== Instructions for the task ==
Output the lines below exactly, please, from the first line until the line with "BattTempInit = 25", counting both.

== Listed entries ==
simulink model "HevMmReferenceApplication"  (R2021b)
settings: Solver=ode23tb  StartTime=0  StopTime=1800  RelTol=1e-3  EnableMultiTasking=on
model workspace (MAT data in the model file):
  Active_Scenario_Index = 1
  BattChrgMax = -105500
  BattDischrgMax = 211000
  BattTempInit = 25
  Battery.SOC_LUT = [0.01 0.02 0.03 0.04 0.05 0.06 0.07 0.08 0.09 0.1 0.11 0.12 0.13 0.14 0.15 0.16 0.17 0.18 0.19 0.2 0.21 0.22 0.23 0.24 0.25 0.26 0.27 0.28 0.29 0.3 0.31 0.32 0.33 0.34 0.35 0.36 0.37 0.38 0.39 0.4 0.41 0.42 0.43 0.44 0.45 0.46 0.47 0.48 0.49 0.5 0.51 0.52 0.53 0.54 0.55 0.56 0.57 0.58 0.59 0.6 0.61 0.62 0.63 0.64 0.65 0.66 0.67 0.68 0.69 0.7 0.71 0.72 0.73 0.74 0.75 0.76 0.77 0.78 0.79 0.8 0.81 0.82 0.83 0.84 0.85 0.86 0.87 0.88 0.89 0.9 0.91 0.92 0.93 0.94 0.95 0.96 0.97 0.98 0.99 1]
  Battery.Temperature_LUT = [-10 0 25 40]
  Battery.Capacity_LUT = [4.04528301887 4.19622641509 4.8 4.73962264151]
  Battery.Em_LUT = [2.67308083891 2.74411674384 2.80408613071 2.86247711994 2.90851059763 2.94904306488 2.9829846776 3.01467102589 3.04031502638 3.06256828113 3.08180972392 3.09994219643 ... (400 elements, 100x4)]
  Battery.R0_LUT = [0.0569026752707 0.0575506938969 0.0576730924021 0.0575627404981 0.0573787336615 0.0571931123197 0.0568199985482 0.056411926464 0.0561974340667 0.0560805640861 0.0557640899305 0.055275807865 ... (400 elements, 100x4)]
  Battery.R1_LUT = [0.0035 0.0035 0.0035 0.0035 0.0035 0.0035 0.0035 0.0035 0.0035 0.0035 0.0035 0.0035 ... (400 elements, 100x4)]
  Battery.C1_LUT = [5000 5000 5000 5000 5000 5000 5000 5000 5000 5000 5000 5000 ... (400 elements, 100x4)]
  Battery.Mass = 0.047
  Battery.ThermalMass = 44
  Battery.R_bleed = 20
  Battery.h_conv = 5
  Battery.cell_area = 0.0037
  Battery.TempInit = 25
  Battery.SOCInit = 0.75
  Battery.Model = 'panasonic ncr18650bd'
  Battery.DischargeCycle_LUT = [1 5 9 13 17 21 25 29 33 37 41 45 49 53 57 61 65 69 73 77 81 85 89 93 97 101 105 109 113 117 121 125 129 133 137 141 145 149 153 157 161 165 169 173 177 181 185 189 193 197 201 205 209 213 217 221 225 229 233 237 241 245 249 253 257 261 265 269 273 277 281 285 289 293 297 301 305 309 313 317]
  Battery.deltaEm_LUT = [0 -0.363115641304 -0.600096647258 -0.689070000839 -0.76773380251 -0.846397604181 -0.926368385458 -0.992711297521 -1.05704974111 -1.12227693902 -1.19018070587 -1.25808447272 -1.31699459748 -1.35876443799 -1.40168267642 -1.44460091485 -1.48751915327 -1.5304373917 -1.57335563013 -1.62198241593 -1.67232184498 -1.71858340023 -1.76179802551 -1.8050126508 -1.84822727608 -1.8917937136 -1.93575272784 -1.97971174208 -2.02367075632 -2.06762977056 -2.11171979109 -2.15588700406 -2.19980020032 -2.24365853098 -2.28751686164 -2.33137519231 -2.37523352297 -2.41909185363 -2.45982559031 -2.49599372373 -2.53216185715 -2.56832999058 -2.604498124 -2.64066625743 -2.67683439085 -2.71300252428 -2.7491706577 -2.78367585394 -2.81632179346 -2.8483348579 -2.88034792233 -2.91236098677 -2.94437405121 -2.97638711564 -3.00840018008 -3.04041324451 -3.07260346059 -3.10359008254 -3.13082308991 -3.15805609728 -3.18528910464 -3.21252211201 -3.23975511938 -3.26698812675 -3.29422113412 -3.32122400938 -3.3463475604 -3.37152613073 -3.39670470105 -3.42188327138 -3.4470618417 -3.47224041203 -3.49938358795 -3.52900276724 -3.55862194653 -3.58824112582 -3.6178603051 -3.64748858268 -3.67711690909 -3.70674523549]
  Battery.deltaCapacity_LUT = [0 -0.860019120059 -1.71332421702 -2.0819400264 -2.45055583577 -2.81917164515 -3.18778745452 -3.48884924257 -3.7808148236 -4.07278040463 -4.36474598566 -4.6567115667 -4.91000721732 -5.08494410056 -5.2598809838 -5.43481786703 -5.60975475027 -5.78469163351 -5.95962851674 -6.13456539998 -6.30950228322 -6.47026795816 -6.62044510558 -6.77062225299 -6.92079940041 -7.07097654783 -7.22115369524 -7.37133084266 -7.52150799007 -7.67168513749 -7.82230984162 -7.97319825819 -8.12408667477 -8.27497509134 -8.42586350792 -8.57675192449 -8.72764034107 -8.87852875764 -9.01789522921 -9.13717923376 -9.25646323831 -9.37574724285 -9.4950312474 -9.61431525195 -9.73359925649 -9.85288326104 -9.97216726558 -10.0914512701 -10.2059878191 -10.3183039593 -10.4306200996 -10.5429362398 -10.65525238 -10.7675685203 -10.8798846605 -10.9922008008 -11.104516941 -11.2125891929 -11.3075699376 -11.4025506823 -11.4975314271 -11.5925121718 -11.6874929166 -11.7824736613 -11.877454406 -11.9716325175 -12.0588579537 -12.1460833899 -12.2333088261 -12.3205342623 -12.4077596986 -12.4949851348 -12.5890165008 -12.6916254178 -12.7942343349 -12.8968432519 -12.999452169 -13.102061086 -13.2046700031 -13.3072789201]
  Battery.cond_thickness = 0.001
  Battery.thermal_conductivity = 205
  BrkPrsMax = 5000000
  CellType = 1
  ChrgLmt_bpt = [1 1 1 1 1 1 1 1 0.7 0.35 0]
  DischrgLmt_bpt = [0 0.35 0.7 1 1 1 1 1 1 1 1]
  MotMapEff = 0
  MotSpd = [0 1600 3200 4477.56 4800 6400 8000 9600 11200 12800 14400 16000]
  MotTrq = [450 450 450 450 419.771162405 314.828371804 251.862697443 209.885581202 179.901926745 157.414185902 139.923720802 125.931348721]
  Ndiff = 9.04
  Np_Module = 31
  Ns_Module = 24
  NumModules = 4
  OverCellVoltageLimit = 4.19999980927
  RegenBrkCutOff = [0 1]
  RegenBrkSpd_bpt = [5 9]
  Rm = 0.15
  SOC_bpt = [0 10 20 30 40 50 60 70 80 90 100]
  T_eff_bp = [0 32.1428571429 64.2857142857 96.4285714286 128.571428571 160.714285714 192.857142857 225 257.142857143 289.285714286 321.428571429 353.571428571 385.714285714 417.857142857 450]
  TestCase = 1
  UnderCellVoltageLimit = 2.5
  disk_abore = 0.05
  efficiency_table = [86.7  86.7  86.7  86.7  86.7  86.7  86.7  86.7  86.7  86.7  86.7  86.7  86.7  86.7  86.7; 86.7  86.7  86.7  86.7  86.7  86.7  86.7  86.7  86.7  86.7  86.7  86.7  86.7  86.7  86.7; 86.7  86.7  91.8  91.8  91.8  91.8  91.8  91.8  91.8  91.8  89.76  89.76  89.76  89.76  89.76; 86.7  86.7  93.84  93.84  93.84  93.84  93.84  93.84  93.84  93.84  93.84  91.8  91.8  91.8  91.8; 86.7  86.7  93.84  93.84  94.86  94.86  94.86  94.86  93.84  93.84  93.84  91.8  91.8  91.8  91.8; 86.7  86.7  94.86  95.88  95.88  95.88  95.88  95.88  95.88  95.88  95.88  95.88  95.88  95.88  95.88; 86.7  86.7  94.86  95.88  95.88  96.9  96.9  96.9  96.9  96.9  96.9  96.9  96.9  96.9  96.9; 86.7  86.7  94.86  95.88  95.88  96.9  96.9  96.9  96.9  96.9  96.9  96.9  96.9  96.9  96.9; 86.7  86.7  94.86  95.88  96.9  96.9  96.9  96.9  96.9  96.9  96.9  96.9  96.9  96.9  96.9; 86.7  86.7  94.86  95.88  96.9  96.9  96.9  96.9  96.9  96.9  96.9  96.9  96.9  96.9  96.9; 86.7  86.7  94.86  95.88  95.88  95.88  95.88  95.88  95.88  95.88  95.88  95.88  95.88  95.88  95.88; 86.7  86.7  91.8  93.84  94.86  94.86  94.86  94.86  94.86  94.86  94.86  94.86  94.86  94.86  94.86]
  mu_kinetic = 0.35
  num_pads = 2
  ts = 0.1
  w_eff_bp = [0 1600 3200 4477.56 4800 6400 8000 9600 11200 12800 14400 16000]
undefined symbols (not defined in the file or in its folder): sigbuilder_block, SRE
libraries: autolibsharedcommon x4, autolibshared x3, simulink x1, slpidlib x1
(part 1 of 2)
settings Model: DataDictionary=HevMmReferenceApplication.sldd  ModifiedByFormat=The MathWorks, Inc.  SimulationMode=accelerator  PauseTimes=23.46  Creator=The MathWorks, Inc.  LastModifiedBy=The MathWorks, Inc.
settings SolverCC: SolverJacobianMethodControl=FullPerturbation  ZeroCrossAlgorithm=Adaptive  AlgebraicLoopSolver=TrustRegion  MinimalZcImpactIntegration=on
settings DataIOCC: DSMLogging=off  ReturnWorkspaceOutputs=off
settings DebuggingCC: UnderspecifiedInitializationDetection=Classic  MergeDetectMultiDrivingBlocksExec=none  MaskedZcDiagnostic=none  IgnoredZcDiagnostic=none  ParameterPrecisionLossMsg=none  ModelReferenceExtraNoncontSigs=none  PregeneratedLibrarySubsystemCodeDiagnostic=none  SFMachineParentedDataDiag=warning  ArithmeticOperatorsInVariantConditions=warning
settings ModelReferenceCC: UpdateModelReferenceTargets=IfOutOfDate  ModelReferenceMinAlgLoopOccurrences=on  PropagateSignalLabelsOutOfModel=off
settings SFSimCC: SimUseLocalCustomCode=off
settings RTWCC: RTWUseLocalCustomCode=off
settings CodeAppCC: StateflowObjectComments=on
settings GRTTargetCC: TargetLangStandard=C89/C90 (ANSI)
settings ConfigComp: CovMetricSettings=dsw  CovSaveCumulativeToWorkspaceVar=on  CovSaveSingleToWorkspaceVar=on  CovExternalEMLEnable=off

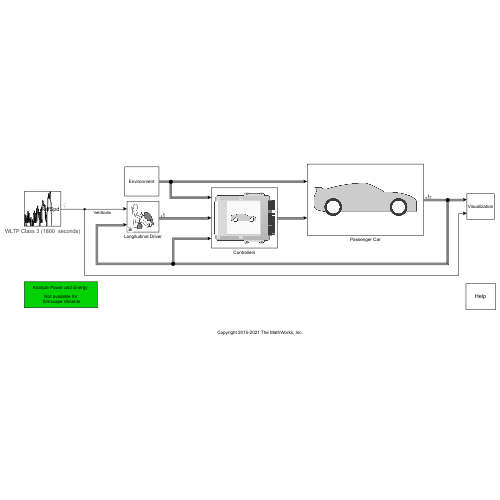
[thumbnail: Simulink's stored preview of the top-level diagram]
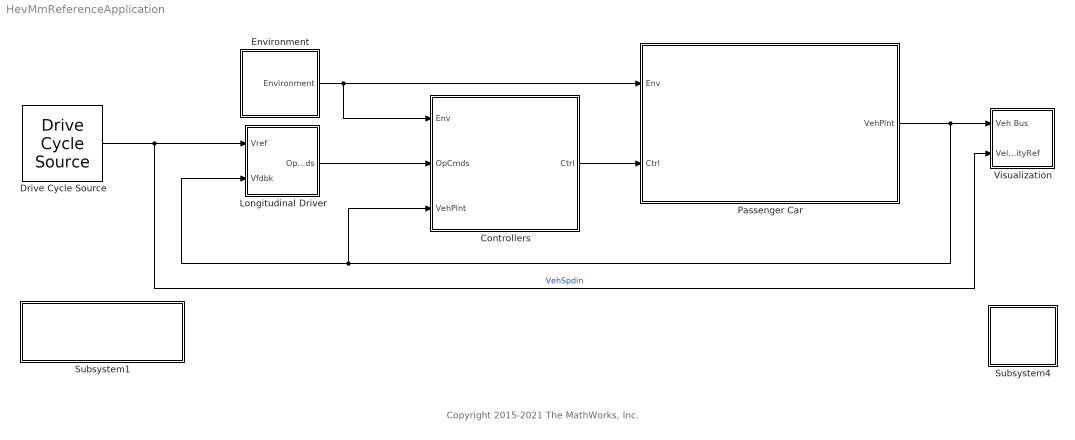
== system HevMmReferenceApplication ==
  note: Copyright 2015-2021 The MathWorks, Inc.
  Controllers : Subsystem
      mask Display: image('SystemControllers.png', 'center')
  Drive Cycle Source : autolibshared/Drive Cycle Source  cycleVar=WLTP Class 3  fileVar=L:\Bauto\matlab\test\toolbox\shared\autoblks\scenario\adac.txt  tfinal="1800  seconds"  cycleRepeat=off  outAccPort=off  outGearPort=off  gearList=No gear data  t_wot1=1  xdot_woto=0  xdot_wot1=10  t_wot2=199  xdot_wot2=0  t_wotend=200  srcUnit=m/s  outUnit=m/s  srcAccUnit=m/s/s  outAccUnit=m/s^2  dt=0  aMode=1  faultOption=off  velBnd=2  velBndUnit=mph  inUnit=m/s  timeBnd=1  failOption=off  stopSim=off  maxFaultCnt=10  maxFaultTime=2  maxTotFaultTime=15  traceOption=off  dtTrace=1  traceWindow=10  lastDCname=WLTP Class 3  lastOutUnit=mph  lastDT=0  lastTB=1  lastSB=2  forceCalcBound=off
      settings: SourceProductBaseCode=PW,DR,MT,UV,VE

== Response area ==
simulink model "HevMmReferenceApplication"  (R2021b)
settings: Solver=ode23tb  StartTime=0  StopTime=1800  RelTol=1e-3  EnableMultiTasking=on
model workspace (MAT data in the model file):
  Active_Scenario_Index = 1
  BattChrgMax = -105500
  BattDischrgMax = 211000
  BattTempInit = 25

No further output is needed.